TASK STATEMENT. All lines ahead of the one containing "I_ForcesFront : Inport" are to be left out; that line and each one after it, through the end of the records below, are to be duplicated exactly.

MATERIAL TO PROCESS Block Start

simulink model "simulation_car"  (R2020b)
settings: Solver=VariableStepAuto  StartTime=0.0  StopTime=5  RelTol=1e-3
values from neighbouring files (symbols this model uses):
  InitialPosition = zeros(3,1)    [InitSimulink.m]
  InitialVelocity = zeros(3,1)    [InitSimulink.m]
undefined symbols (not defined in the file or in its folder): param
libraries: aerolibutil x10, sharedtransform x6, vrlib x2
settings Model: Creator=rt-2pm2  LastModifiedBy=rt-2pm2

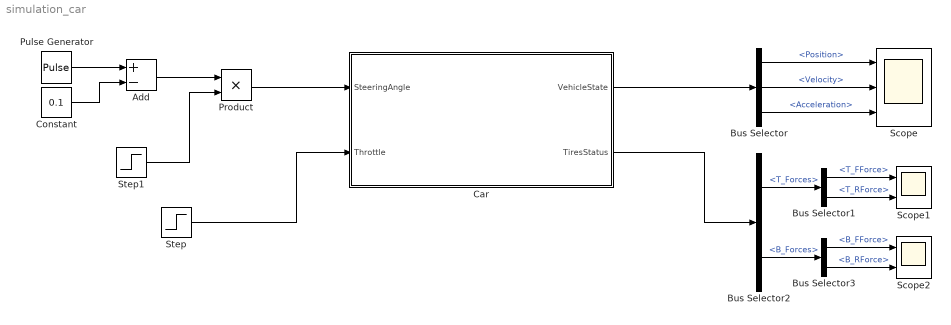
== system simulation_car ==
  Add : Sum  Inputs=+-
  Bus Selector : BusSelector  OutputSignals=StateTranslational.Position,StateTranslational.Velocity,StateTranslational.Acceleration
  Bus Selector1 : BusSelector  OutputSignals=T_FForce,T_RForce
  Bus Selector2 : BusSelector  OutputSignals=T_Forces,B_Forces
  Bus Selector3 : BusSelector  OutputSignals=B_FForce,B_RForce
  Car : Subsystem
  Constant : Constant  Value=0.1
  Product : Product
  Pulse Generator : DiscretePulseGenerator  PulseType=Time based  Amplitude=0.2  Period=10  PulseWidth=5
  Scope : Scope  NumInputPorts=3
  Scope1 : Scope  NumInputPorts=2
  Scope2 : Scope  NumInputPorts=2
  Step : Step  Time=3  Before=3  After=0  SampleTime=0
  Step1 : Step  Time=2  SampleTime=0
  wires:
  Pulse Generator/1 -> Add/1
  Step/1 -> Car/2(Throttle)
  Car/1(VehicleState) -> Bus Selector/1
  Bus Selector/1 -> Scope/1  "<Position>"
  Bus Selector/2 -> Scope/2  "<Velocity>"
  Bus Selector/3 -> Scope/3  "<Acceleration>"
  Car/2(TiresStatus) -> Bus Selector2/1
  Bus Selector1/1 -> Scope1/1  "<T_FForce>"
  Bus Selector1/2 -> Scope1/2  "<T_RForce>"
  Bus Selector2/1 -> Bus Selector1/1  "<T_Forces>"
  Bus Selector3/2 -> Scope2/2  "<B_RForce>"
  Bus Selector3/1 -> Scope2/1  "<B_FForce>"
  Bus Selector2/2 -> Bus Selector3/1  "<B_Forces>"
  Add/1 -> Product/1
  Constant/1 -> Add/2
  Product/1 -> Car/1(SteeringAngle)
  Step1/1 -> Product/2

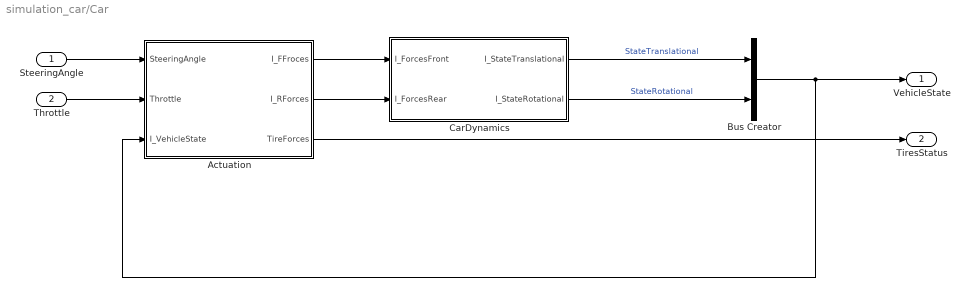
== system simulation_car/Car ==
  SteeringAngle : Inport
  Throttle : Inport  Port=2
  Actuation : Subsystem
  Bus Creator : BusCreator  Inputs=2
  CarDynamics : Subsystem  mask{CarMass=param.m, FrontArmLength=param.a, RearArmLength=param.b, MomentOfInertia=param.Iz}
      mask prompts: CarMass "Car Mass"; FrontArmLength "Front Arm Length"; RearArmLength "Rear Arm Length"; MomentOfInertia "Rotational Inertia"
  VehicleState : Outport
  TiresStatus : Outport  Port=2
  wires:
  CarDynamics/2(I_StateRotational) -> Bus Creator/2  "StateRotational"
  SteeringAngle/1 -> Actuation/1(SteeringAngle)
  CarDynamics/1(I_StateTranslational) -> Bus Creator/1  "StateTranslational"
  Bus Creator/1 -> VehicleState/1, Actuation/3(I_VehicleState)
  Actuation/1(I_FFroces) -> CarDynamics/1(I_ForcesFront)
  Throttle/1 -> Actuation/2(Throttle)
  Actuation/2(I_RForces) -> CarDynamics/2(I_ForcesRear)
  Actuation/3(TireForces) -> TiresStatus/1

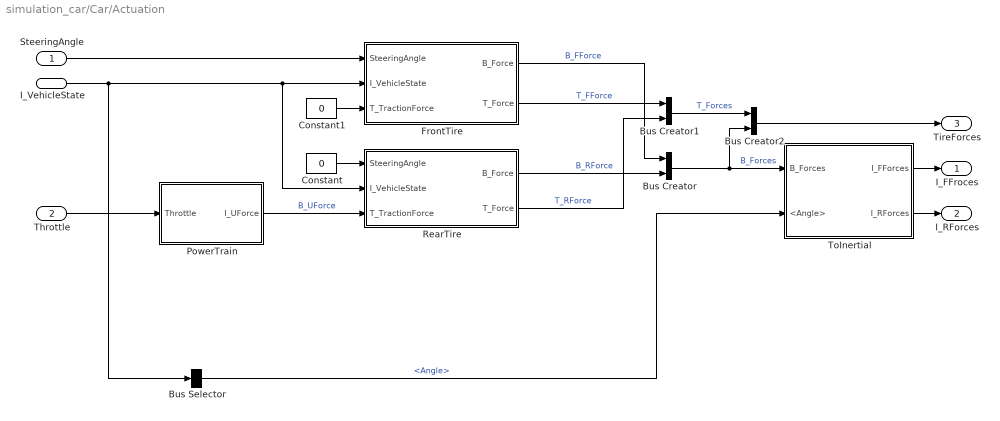
== system simulation_car/Car/Actuation ==
  SteeringAngle : Inport
  Throttle : Inport  Port=2
  I_VehicleState : Inport  Port=3
  Bus Creator : BusCreator  Inputs=2
  Bus Creator1 : BusCreator  Inputs=2
  Bus Creator2 : BusCreator  Inputs=2
  Bus Selector : BusSelector  OutputSignals=StateRotational.Angle
  Constant : Constant  Value=0
  Constant1 : Constant  Value=0
  FrontTire : Subsystem  mask{Arm=[param.a; 0; 0], TireCoeff=param.C_af}
      mask prompts: Arm "Wheel Displacement"; TireCoeff "Tire Coefficient"
      mask Display: image('/home/rt-2pm2/Documents/MATLAB/CIS/lanekeeping_supervision/Simulink/images/tire2.png'); % Use "Edit Image" on toolstrip to change.
  PowerTrain : Subsystem
  RearTire : Subsystem  mask{Arm=[param.a; 0; 0], TireCoeff=param.C_af}
      mask prompts: Arm "Wheel Displacement"; TireCoeff "Tire Coefficient"
      mask Display: image('/home/rt-2pm2/Documents/MATLAB/CIS/lanekeeping_supervision/Simulink/images/tire2.png'); % Use "Edit Image" on toolstrip to change.
  ToInertial : Subsystem
  I_FFroces : Outport
  I_RForces : Outport  Port=2
  TireForces : Outport  Port=3
  wires:
  PowerTrain/1(I_UForce) -> RearTire/3(T_TractionForce)  "B_UForce"
  SteeringAngle/1 -> FrontTire/1(SteeringAngle)
  Throttle/1 -> PowerTrain/1(Throttle)
  I_VehicleState/1 -> Bus Selector/1, RearTire/2(I_VehicleState), FrontTire/2(I_VehicleState)
  Constant/1 -> RearTire/1(SteeringAngle)
  FrontTire/1(B_Force) -> Bus Creator/1  "B_FForce"
  RearTire/1(B_Force) -> Bus Creator/2  "B_RForce"
  Bus Selector/1 -> ToInertial/2(<Angle>)  "<Angle>"
  ToInertial/2(I_RForces) -> I_RForces/1
  ToInertial/1(I_FForces) -> I_FFroces/1
  Constant1/1 -> FrontTire/3(T_TractionForce)
  Bus Creator/1 -> Bus Creator2/2, ToInertial/1(B_Forces)  "B_Forces"
  FrontTire/2(T_Force) -> Bus Creator1/1  "T_FForce"
  RearTire/2(T_Force) -> Bus Creator1/2  "T_RForce"
  Bus Creator1/1 -> Bus Creator2/1  "T_Forces"
  Bus Creator2/1 -> TireForces/1

== system simulation_car/Car/CarDynamics ==
  I_ForcesFront : Inport
  I_ForcesRear : Inport  Port=2
  Subsystem : Subsystem
  Subsystem1 : Subsystem
  I_StateTranslational : Outport
  I_StateRotational : Outport  Port=2
  wires:
  Subsystem/1(StateRotational) -> I_StateRotational/1
  I_ForcesFront/1 -> Subsystem/1(FrontForce), Subsystem1/1(FrontForce)
  I_ForcesRear/1 -> Subsystem/2(RearForce), Subsystem1/2(RearForce)
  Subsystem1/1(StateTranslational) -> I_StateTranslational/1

MATERIAL TO PROCESS Block End

SOLUTION TO THIS TASK.
  I_ForcesFront : Inport
  I_ForcesRear : Inport  Port=2
  Subsystem : Subsystem
  Subsystem1 : Subsystem
  I_StateTranslational : Outport
  I_StateRotational : Outport  Port=2
  wires:
  Subsystem/1(StateRotational) -> I_StateRotational/1
  I_ForcesFront/1 -> Subsystem/1(FrontForce), Subsystem1/1(FrontForce)
  I_ForcesRear/1 -> Subsystem/2(RearForce), Subsystem1/2(RearForce)
  Subsystem1/1(StateTranslational) -> I_StateTranslational/1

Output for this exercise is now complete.